Farid, qui a pris peur quand le procureur a demandé deux ans de prison, gesticule un peu et se rassoit. Farouk et Mohamed, deux frères à la mine patibulaires, se lèvent. Ils étaient fin ronds lorsqu’ils ont tabassé une fonctionnaire de police. Les victimes se lèvent : c’est la même patrouille qui a contrôlé Farid. La minerve, c’est Farouk.
« Une passante, horrifiée par la scène, vous a comparé au lapin Duracell ! »
Tard dans la nuit, la patrouille prend en chasse un chauffard qui divague à grande vitesse sur le boulevard. Contrôle : ils sont quatre, sans ceinture, et visiblement très échauffés. Les policiers « ne les sentent pas », raconte la policière revenue se figer à la barre. Ils appellent du renfort et tentent de contenir la furie qu’ils redoutent. Le petit gabarit tente de sortir, la policière bloque la portière, il parvient à la repousser et la frappe frénétiquement. La présidente illustre : « Une passante, horrifiée par la scène, vous a comparé au lapin Duracell ! » Farouk était hors de lui.
Mohamed a vu la scène et, dit-il, a tenté de calmer la situation en prévenant : « Attention, mon frère est malade, 100 %. » De fait, ça se voit au premier coup d’œil : Farouk semble ne pas jouir de toutes ses facultés mentales. Mais dans la bagarre, les policiers ne voient que les coups qui pleuvent, et Mohamed qui sort pour frapper le collègue de la policière, dont la bouche était en sang et les yeux tuméfiés.
Les yeux se tournent vers Farouk. Il est effrayé, bafouillant. « Je… J’étais en vacances chez mon frère [Farouk habite la région parisienne, ndlr]. La policière m’a mis une claque, je lui ai mis un coup de porte, et elle a commencé à me frapper.

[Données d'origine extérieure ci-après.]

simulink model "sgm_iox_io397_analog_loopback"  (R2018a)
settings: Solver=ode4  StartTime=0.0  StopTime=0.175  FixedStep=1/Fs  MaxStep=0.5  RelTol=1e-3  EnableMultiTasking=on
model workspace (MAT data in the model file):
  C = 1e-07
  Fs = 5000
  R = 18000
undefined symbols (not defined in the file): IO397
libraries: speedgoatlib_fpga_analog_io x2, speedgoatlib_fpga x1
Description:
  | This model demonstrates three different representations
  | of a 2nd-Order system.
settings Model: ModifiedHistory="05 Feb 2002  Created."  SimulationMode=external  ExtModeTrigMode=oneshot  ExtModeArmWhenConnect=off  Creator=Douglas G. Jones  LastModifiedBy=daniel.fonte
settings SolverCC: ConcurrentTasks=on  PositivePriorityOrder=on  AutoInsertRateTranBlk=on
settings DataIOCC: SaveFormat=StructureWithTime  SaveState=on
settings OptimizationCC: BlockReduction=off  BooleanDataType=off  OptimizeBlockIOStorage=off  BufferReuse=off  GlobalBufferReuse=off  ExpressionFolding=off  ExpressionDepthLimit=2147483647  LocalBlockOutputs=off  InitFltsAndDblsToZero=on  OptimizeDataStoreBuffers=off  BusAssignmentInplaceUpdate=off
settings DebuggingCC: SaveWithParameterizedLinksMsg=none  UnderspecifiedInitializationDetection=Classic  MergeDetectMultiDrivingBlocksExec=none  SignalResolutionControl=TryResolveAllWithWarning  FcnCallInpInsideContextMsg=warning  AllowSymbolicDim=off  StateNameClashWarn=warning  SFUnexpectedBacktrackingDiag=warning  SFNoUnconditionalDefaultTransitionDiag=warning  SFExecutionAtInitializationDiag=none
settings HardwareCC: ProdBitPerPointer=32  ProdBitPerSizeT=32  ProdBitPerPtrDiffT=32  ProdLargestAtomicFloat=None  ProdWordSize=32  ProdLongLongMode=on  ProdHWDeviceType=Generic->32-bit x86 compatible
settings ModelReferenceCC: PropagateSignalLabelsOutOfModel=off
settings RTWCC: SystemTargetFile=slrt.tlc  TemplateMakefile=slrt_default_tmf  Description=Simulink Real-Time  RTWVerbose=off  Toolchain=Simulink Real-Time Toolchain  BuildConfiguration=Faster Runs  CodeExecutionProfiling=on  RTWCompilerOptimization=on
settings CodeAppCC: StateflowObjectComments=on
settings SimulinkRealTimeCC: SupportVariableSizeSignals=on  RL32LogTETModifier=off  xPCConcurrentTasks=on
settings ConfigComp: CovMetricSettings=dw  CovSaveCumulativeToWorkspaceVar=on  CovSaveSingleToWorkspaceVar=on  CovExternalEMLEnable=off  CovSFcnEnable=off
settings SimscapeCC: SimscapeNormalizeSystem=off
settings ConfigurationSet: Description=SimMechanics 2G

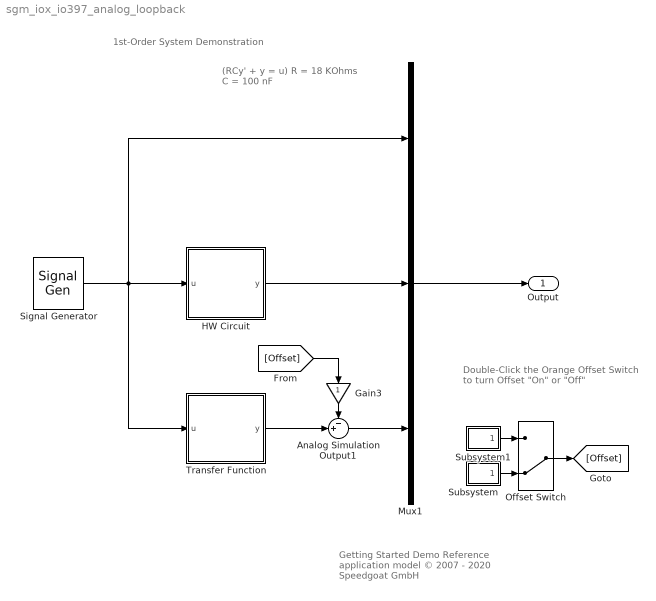
== system sgm_iox_io397_analog_loopback ==
  note: 1st-Order System Demonstration
  note: (RCy' + y = u)
      | R = 18 KOhms
      | C = 100 nF
  note: Double-Click
      | the Orange Offset Switch
      | to turn Offset "On" or "Off"
  note: Getting Started Demo
      | Reference application model
      | © 2007 - 2020 Speedgoat GmbH
  Analog Simulation Output1 : Sum  Inputs=-+|  SaturateOnIntegerOverflow=on  InputSameDT=on  OutDataTypeStr=Inherit: Same as first input
  Gain3 : Gain
  HW Circuit : Subsystem  TreatAsAtomicUnit=on
  Mux1 : Mux  Inputs=3
  Offset Switch : ManualSwitch  CurrentSetting=0
  Signal Generator : SignalGenerator  WaveForm=square  Amplitude=4  Frequency=10
  Subsystem : Subsystem
      mask Display: disp('Off')
  Subsystem1 : Subsystem
      mask Display: disp('On')
  Transfer Function : Subsystem
  Output : Outport
  wires:
  Signal Generator/1 -> HW Circuit/1(u), Transfer Function/1(u), Mux1/1
  Mux1/1 -> Output/1
  HW Circuit/1(y) -> Mux1/2
  Transfer Function/1(y) -> Analog Simulation Output1/2
  Gain3/1 -> Analog Simulation Output1/1
  Analog Simulation Output1/1 -> Mux1/3
  [Offset] -> Gain3/1
  Offset Switch/1 -> [Offset]
  Subsystem1/1(Out 1) -> Offset Switch/1
  Subsystem/1(Out 1) -> Offset Switch/2

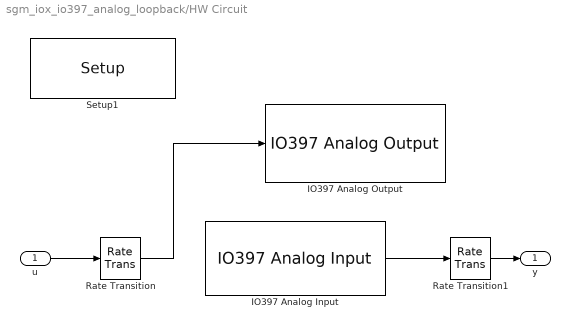
== system sgm_iox_io397_analog_loopback/HW Circuit ==
  u : Inport
  IO397 Analog Input : speedgoatlib_fpga_analog_io/IO397 Analog Input  id=1  chan=2  range=+-5 V  trigger=Initiator  ts=0.001  pciSlot=-1  board=IO397-50k
      settings: SourceProductName=Simulink Real-Time: Speedgoat I/O Driver Library
  IO397 Analog Output : speedgoatlib_fpga_analog_io/IO397 Analog Output  id=1  chan=1  initVal=0  resetVal=0  ts=0.001  pciSlot=-1  board=IO397-50k  span=+-5 V
      settings: SourceProductName=Simulink Real-Time: Speedgoat I/O Driver Library
  Rate Transition : RateTransition  Deterministic=off
  Rate Transition1 : RateTransition  Deterministic=off
  Setup1 : speedgoatlib_fpga/Setup/Setup  board=IO397-50k  id=1  device_id=1  frontIO=None  rearIO=None  bitstreamFile=speedgoat_IO397_50k_CI_IO397_DUT_DEMO  rev=1.0  timestamp_string=05/10/17 09:15:16  fpgaFreq=75 MHz  fpgaTick=13.33 ns  ProgSpiFlash=off  ProgBPIFlash=off  pciSlot=-1  PullRPort0=pull-up 3.3V  VioPort0=3.3V  PullRPort1=pull-up 3.3V  VioPort1=3.3V  PullRPort2=pull-up 3.3V  VioPort2=3.3V  PullRPort3=pull-up 3.3V  VioPort3=3.3V  PullRPort4=pull-up 3.3V  VioPort4=3.3V  PullRPort5=pull-up 3.3V  VioPort5=3.3V  PullRPort6=pull-up 3.3V  VioPort6=3.3V  PullRPort15=pull-up 3.3V  PullRPort31=pull-up 3.3V  PullRPort47=pull-up 3.3V  PullRPort63=pull-up 3.3V
      settings: SourceProductName=Simulink Real-Time: Speedgoat I/O Driver Library
  y : Outport
  wires:
  u/1 -> Rate Transition/1
  IO397 Analog Input/1 -> Rate Transition1/1
  Rate Transition/1 -> IO397 Analog Output/1
  Rate Transition1/1 -> y/1

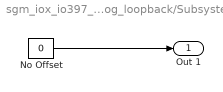
== system sgm_iox_io397_analog_loopback/Subsystem ==
  No Offset : Constant  Value=0
  Out 1 : Outport
  wires:
  No Offset/1 -> Out 1/1

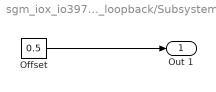
== system sgm_iox_io397_analog_loopback/Subsystem1 ==
  Offset : Constant  Value=0.5
  Out 1 : Outport
  wires:
  Offset/1 -> Out 1/1

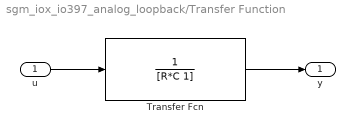
== system sgm_iox_io397_analog_loopback/Transfer Function ==
  u : Inport
  Transfer Fcn : TransferFcn  Denominator=[R*C 1]
  y : Outport
  wires:
  u/1 -> Transfer Fcn/1
  Transfer Fcn/1 -> y/1

Je lui ai dit d’arrêter. » La présidente attend à peine que le prévenu finisse sa phrase. « Et un coup de portière suffirait à infliger de telles blessures, 15 jours d’ITT ? » La logique échappe à Farouk.
L’avocat furibond des policiers – le même – qualifie Farouk et Mohamed de « destructeurs du contrat social de Rousseau qui nient l’évidence, de personnes socialement dangereuses ». Le parquet abonde, et, s’interrogeant sur le quantum à demander, proclame : « Ce qui est sûr, c’est que un mois et demi, ça ne suffit pas. » Cela fait six semaines que les deux frères attendent leur procès en prison, le temps qu’une expertise psychiatrique intervienne pour Farouk. « J’étais parti sur quatre ans, mais comme l’expert psychiatre a estimé qu’il y avait altération, je requiers trois ans. » Idem pour son frère. Le tribunal les condamne tous deux à quatre ans de prison, et Farid à deux ans.